(DIRECTIONS) Scan the entries below for the word "format" and copy every line where it turns up.

(Items from a dataset)
┌──

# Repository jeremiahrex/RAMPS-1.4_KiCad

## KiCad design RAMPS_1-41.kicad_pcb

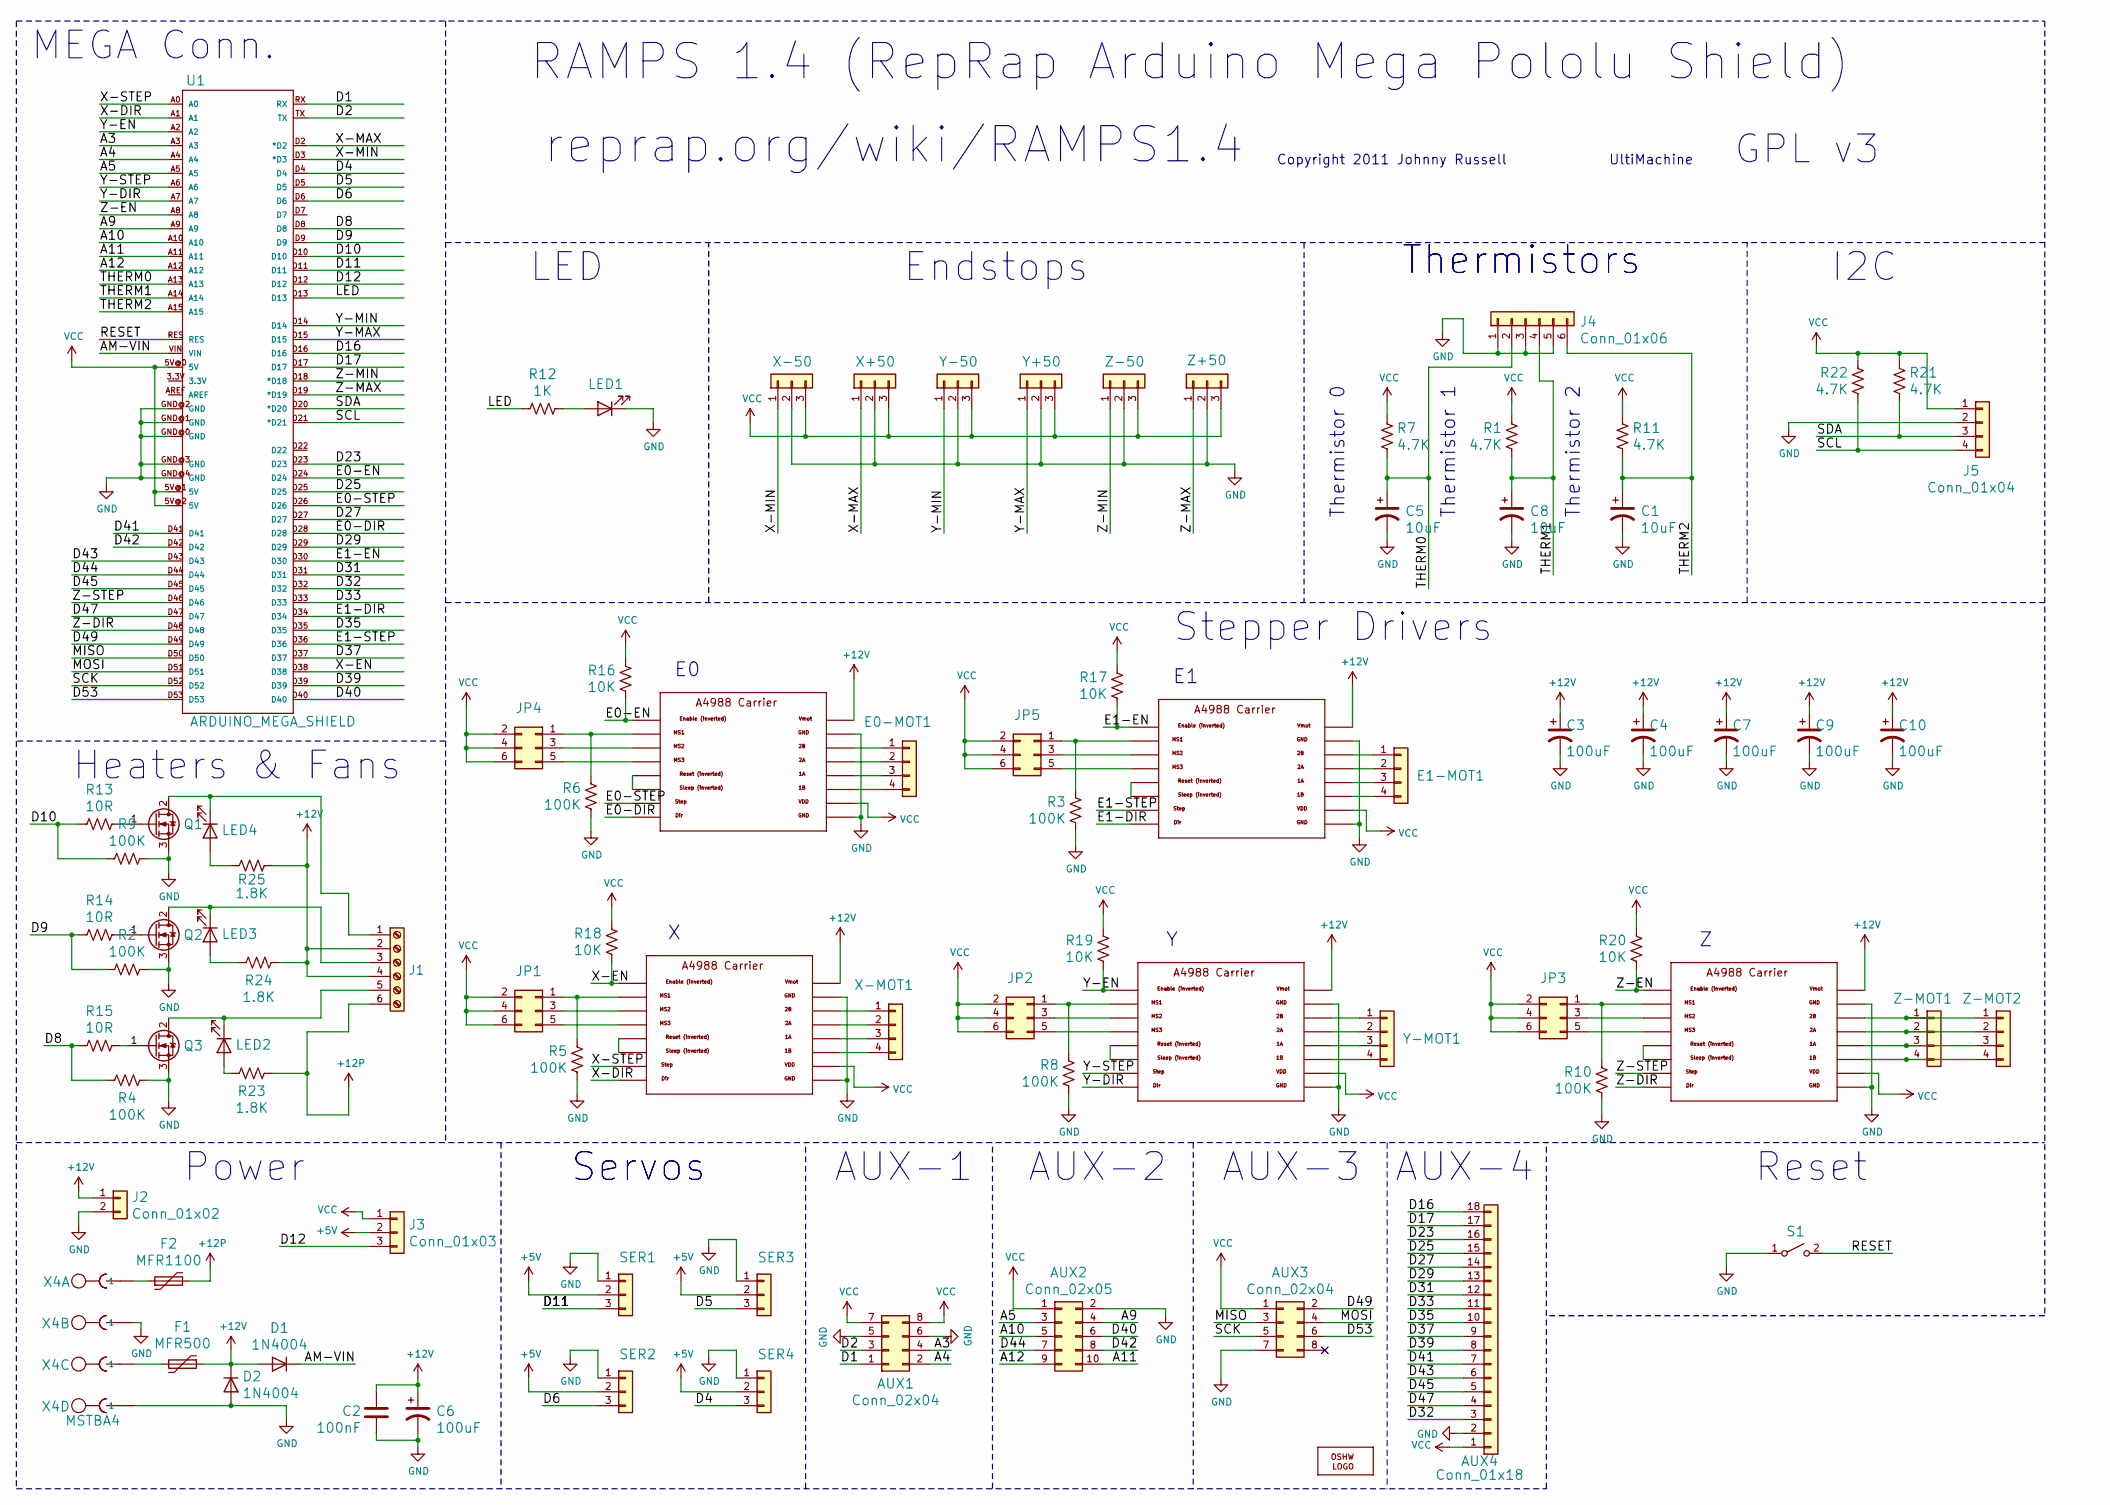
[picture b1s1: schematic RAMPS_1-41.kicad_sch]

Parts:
AUX1, AUX3: Conn_02x04; PIN-HEADER-2x04
AUX2: Conn_02x05; PIN-HEADER-2x05
AUX4: Conn_01x18; PIN-HEADER-1x18
C1, C5, C8: 10uF; CP_Elec_4x5.3
C2: 100nF; C_0805_2012Metric
C3, C4, C6, C7, C9, C10: 100uF; CP_Elec_6.3x5.4
D1, D2: 1N4004; D_DO-41_SOD81_P10.16mm_Horizontal
E0-MOT1, E1-MOT1: PIN-HEADER-1x04
F1: MFR500
F2: MFR1100
J1: 282837-6; TerminalBlock_MetzConnect_Type101_RT01606HBWC_1x06_P5.08mm_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
J2: Conn_01x02; PIN-HEADER-1x02
J3: Conn_01x03; PIN-HEADER-1x03
J4: Conn_01x06; PIN-HEADER-1x06
J5: Conn_01x04; PIN-HEADER-1x04
JP1, JP2, JP3, JP4, JP5: PIN-HEADER-2x03
LED1, LED2, LED3, LED4: LED_0805
LOGO1: OSHW_LOGO_6MILX0100-NT; OSHW_OSHW_6X100_NOTEXT
Q1, Q2, Q3: STP55NF06L; TRANSISTOR-POWER_TO220BV
R1, R7, R11, R21, R22: 4.7K; R_0805_2012Metric
R2, R3, R4, R5, R6, R8, R9, R10: 100K; R_0805_2012Metric
R12: 1K; R_0805_2012Metric
R13, R14, R15: 10R; R_0805_2012Metric
R16, R17, R18, R19, R20: 10K; R_0805_2012Metric
R23, R24, R25: 1.8K; R_0805_2012Metric
S1: SWITCH-OMRON_B3F-31XX
SER1, SER2, SER3, SER4: Conn_01x03; PIN-HEADER-1x03
U1: ARDUINO_MEGA_SHIELD
U2, U3, U4, U5, U6: A4988BREAKOUT; A4988_BREAKOUT
X4: MSTBA4; PhoenixContact_MSTBA_2,5_4-G-5,08_1x04_P5.08mm_Horizontal
X+50: PIN-HEADER-1x03
X-50: PIN-HEADER-1x03
X-MOT1: PIN-HEADER-1x04
Y+50: PIN-HEADER-1x03
Y-50: PIN-HEADER-1x03
Y-MOT1: PIN-HEADER-1x04
Z+50: PIN-HEADER-1x03
Z-50: PIN-HEADER-1x03
Z-MOT1, Z-MOT2: PIN-HEADER-1x04

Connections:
+5V: J3.2, SER1.2, SER2.2, SER3.2, SER4.2
+12P: F2.2, J1.6, R23.2
+12V: C2.1, C3.1, C4.1, C6.1, C7.1, C9.1, C10.1, D1.2 (A), D2.1 (K), F1.1, J1.2, J1.4, J2.1, R24.2, R25.2, U2.VMOT, U3.VMOT, U4.VMOT, U5.VMOT, U6.VMOT
/A3: AUX1.4, U1.A3
/A4: AUX1.2, U1.A4
/A5: AUX2.3, U1.A5
/A9: AUX2.4, U1.A9
/A10: AUX2.5, U1.A10
/A11: AUX2.10, U1.A11
/A12: AUX2.9, U1.A12
/AM-VIN: D1.1 (K), U1.VIN
/D1: AUX1.1, U1.RX
/D2: AUX1.3, U1.TX
/D4: SER4.3, U1.D4
/D5: SER3.3, U1.D5
/D6: SER2.3, U1.D6
/D8: R4.2, R15.2, U1.D8
/D9: R2.2, R14.2, U1.D9
/D10: R9.2, R13.2, U1.D10
/D11: SER1.3, U1.D11
/D12: J3.3, U1.D12
/D16: AUX4.18, U1.D16
/D17: AUX4.17, U1.D17
/D23: AUX4.16, U1.D23
/D25: AUX4.15, U1.D25
/D27: AUX4.14, U1.D27
/D29: AUX4.13, U1.D29
/D31: AUX4.12, U1.D31
/D32: AUX4.3, U1.D32
/D33: AUX4.11, U1.D33
/D35: AUX4.10, U1.D35
/D37: AUX4.9, U1.D37
/D39: AUX4.8, U1.D39
/D40: AUX2.6, U1.D40
/D41: AUX4.7, U1.D41
/D42: AUX2.8, U1.D42
/D43: AUX4.6, U1.D43
/D44: AUX2.7, U1.D44
/D45: AUX4.5, U1.D45
/D47: AUX4.4, U1.D47
/D49: AUX3.2, U1.D49
/D53: AUX3.6, U1.D53
/E0-DIR: U1.D28, U5.DIR
/E0-EN: R16.1, U1.D24, U5.EN
/E0-STEP: U1.D26, U5.STEP
/E1-DIR: U1.D34, U6.DIR
/E1-EN: R17.1, U1.D30, U6.EN
/E1-STEP: U1.D36, U6.STEP
/LED: R12.1, U1.D13
/MISO: AUX3.3, U1.D50
/MOSI: AUX3.4, U1.D51
/RESET: S1.2 (B), U1.RES
/SCK: AUX3.5, U1.D52
/SCL: J5.4, R22.2, U1.D21 (*D21)
/SDA: J5.3, R21.2, U1.D20 (*D20)
/THERM0: C5.1, J4.2, R7.2, U1.A13
/THERM1: C8.1, J4.4, R1.2, U1.A14
/THERM2: C1.1, J4.6, R11.2, U1.A15
/X-DIR: U1.A1, U2.DIR
/X-EN: R18.1, U1.D38, U2.EN
/X-MAX: U1.D2 (*D2), X+50.1
/X-MIN: U1.D3 (*D3), X-50.1
/X-STEP: U1.A0, U2.STEP
/Y-DIR: U1.A7, U3.DIR
/Y-EN: R19.1, U1.A2, U3.EN
/Y-MAX: U1.D15, Y+50.1
/Y-MIN: U1.D14, Y-50.1
/Y-STEP: U1.A6, U3.STEP
/Z-DIR: U1.D48, U4.DIR
/Z-EN: R20.1, U1.A8, U4.EN
/Z-MAX: U1.D19 (*D19), Z+50.1
/Z-MIN: U1.D18 (*D18), Z-50.1
/Z-STEP: U1.D46, U4.STEP
GND: AUX1.5, AUX1.6, AUX2.2, AUX3.7, AUX4.2, C1.2, C2.2, C3.2, C4.2, C5.2, C6.2, C7.2, C8.2, C9.2, C10.2, D2.2 (A), J2.2, J4.1, J4.3, J4.5, J5.2, LED1.1 (K), Q1.3 (S), Q2.3 (S), Q3.3 (S), R2.1, R3.1, R4.1, R5.1, R6.2, R8.1, R9.1, R10.1, S1.1 (A), SER1.1, SER2.1, SER3.1, SER4.1, U1.GND@0 (GND), U1.GND@1 (GND), U1.GND@2 (GND), U1.GND@3 (GND), U1.GND@4 (GND), U2.GND, U2.GND@0 (GND), U3.GND, U3.GND@0 (GND), U4.GND, U4.GND@0 (GND), U5.GND, U5.GND@0 (GND), U6.GND, U6.GND@0 (GND), X4.2 (1), X4.4 (1), X+50.2, X-50.2, Y+50.2, Y-50.2, Z+50.2, Z-50.2
unnamed: E0-MOT1.1, U5.2B
unnamed: E0-MOT1.2, U5.2A
unnamed: E0-MOT1.3, U5.1A
unnamed: E0-MOT1.4, U5.1B
unnamed: E1-MOT1.1, U6.2B
unnamed: E1-MOT1.2, U6.2A
unnamed: E1-MOT1.3, U6.1A
unnamed: E1-MOT1.4, U6.1B
unnamed: F2.1, X4.1
unnamed: J1.1, LED4.1 (K), Q1.2 (D)
unnamed: J1.3, LED3.1 (K), Q2.2 (D)
unnamed: J1.5, LED2.1 (K), Q3.2 (D)
unnamed: JP1.1, R5.2, U2.MS1
unnamed: JP1.3, U2.MS2
unnamed: JP1.5, U2.MS3
unnamed: JP2.1, R8.2, U3.MS1
unnamed: JP2.3, U3.MS2
unnamed: JP2.5, U3.MS3
unnamed: JP3.1, R10.2, U4.MS1
unnamed: JP3.3, U4.MS2
unnamed: JP3.5, U4.MS3
unnamed: JP4.1, R6.1, U5.MS1
unnamed: JP4.3, U5.MS2
unnamed: JP4.5, U5.MS3
unnamed: JP5.1, R3.2, U6.MS1
unnamed: JP5.3, U6.MS2
unnamed: JP5.5, U6.MS3
unnamed: LED1.2 (A), R12.2
unnamed: LED2.2 (A), R23.1
unnamed: LED3.2 (A), R24.1
unnamed: LED4.2 (A), R25.1
unnamed: Q1.1 (G), R13.1
unnamed: Q2.1 (G), R14.1
unnamed: Q3.1 (G), R15.1
unnamed: U2.RST, U2.SLP (SLEEP)
unnamed: U3.RST, U3.SLP (SLEEP)
unnamed: U4.RST, U4.SLP (SLEEP)
unnamed: U5.RST, U5.SLP (SLEEP)
unnamed: U6.RST, U6.SLP (SLEEP)
unnamed: F1.2, X4.3 (1)
unnamed: U2.2B, X-MOT1.1
unnamed: U2.2A, X-MOT1.2
unnamed: U2.1A, X-MOT1.3
unnamed: U2.1B, X-MOT1.4
unnamed: U3.2B, Y-MOT1.1
unnamed: U3.2A, Y-MOT1.2
unnamed: U3.1A, Y-MOT1.3
unnamed: U3.1B, Y-MOT1.4
unnamed: U4.2B, Z-MOT1.1, Z-MOT2.1
unnamed: U4.2A, Z-MOT1.2, Z-MOT2.2
unnamed: U4.1A, Z-MOT1.3, Z-MOT2.3
unnamed: U4.1B, Z-MOT1.4, Z-MOT2.4
VCC: AUX1.7, AUX1.8, AUX2.1, AUX3.1, AUX4.1, J3.1, J5.1, JP1.2, JP1.4, JP1.6, JP2.2, JP2.4, JP2.6, JP3.2, JP3.4, JP3.6, JP4.2, JP4.4, JP4.6, JP5.2, JP5.4, JP5.6, R1.1, R7.1, R11.1, R16.2, R17.2, R18.2, R19.2, R20.2, R21.1, R22.1, U1.5V@0 (5V), U1.5V@1 (5V), U1.5V@2 (5V), U2.VDD, U3.VDD, U4.VDD, U5.VDD, U6.VDD, X+50.3, X-50.3, Y+50.3, Y-50.3, Z+50.3, Z-50.3

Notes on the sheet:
Copyright 2011 Johnny Russell
Power
Endstops
MEGA Conn.
AUX-3
reprap.org/wiki/RAMPS1.4
AUX-1
Thermistor 2
Servos
Thermistors
Reset
Thermistor 0
Stepper Drivers
Thermistor 1
LED
GPL v3
AUX-2
RAMPS 1.4 (RepRap Arduino Mega Pololu Shield)
AUX-4
UltiMachine
Heaters & Fans
I2C

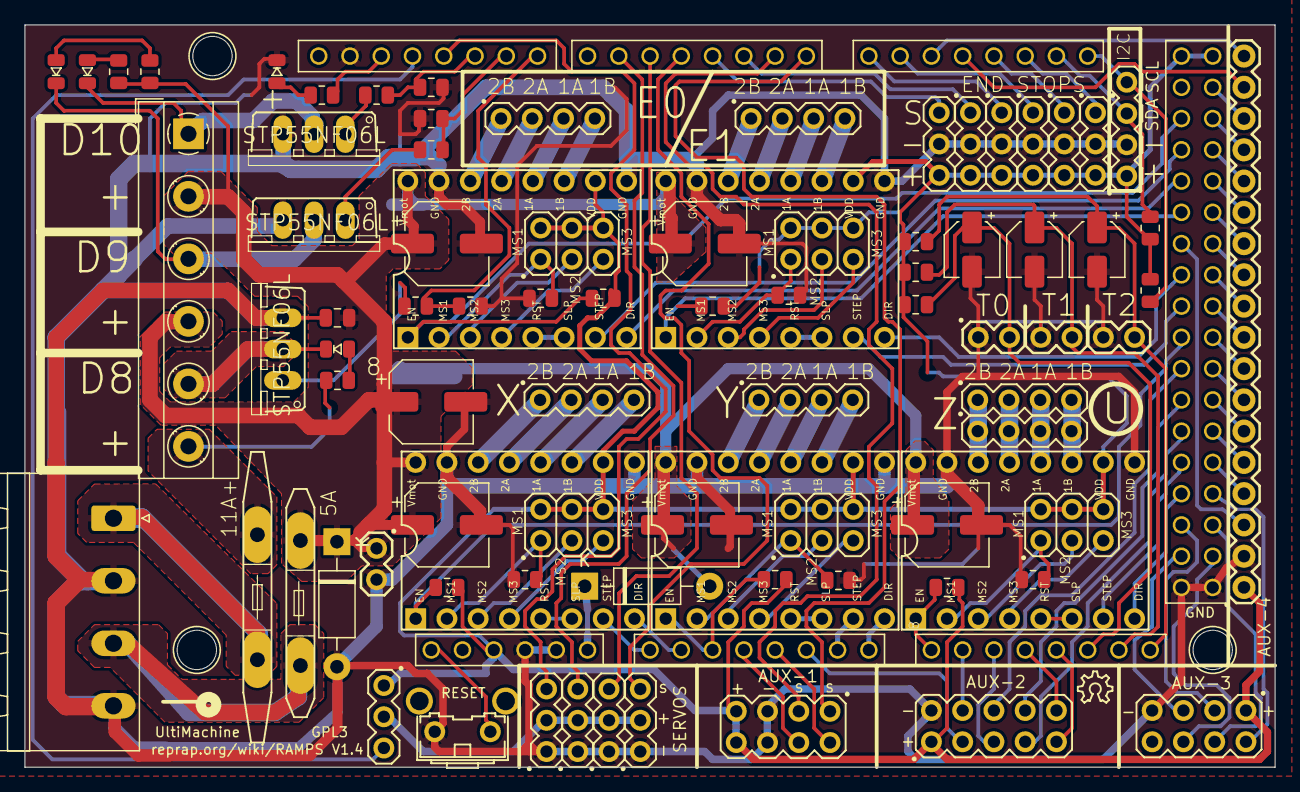
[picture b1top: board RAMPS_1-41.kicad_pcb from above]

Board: 2 copper layers, 101.6 x 60.3 mm, 85 parts (0 on the bottom side), 127 nets.

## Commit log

2024-06-01 Kicad 8 project files
    Remove old .pro and add new kicad_pro, fix the gitignore.
2024-06-01 Kicad 8 updates
    Remove unused files
    Update schematic and PCB files to Kicad 8 format
    "Rescue" some symbols
2024-06-01 Update symbols
    Updated all the rescue symbols and deleted the cache files
2024-06-01 Tweak that gitignore one more time
2024-06-02 Cleanup of imported PCB
    Fix traces with insufficient clearance
    Removed unused markings from User.Drawings and User.Eco1
    Tidy up silkscreen and add a few additional markings
2024-07-20 TMC updates
    Added closed solder jumpers to ~Reset and ~Sleep to make it easier to use Trinamic SPI drivers.
    Updated A4988 symbol to Trinamic SPI pin names in parathesis.
2024-07-20 Delete RAMPS_1-41.lib
    Removed .lib file, migrated this lib to new KiCad format in previous commit.
2024-07-20 Update RAMPS_1-41.kicad_sch
    Apparently I didn't update the A4988 schematic symbols after I changed the lib

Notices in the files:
RAMPS_1-41.kicad_pcb:
GPL3
Copyright 2011 Johnny Russell - UltiMachine

└──

(SOLUTION TO THIS TASK)
    Update schematic and PCB files to Kicad 8 format
    Removed .lib file, migrated this lib to new KiCad format in previous commit.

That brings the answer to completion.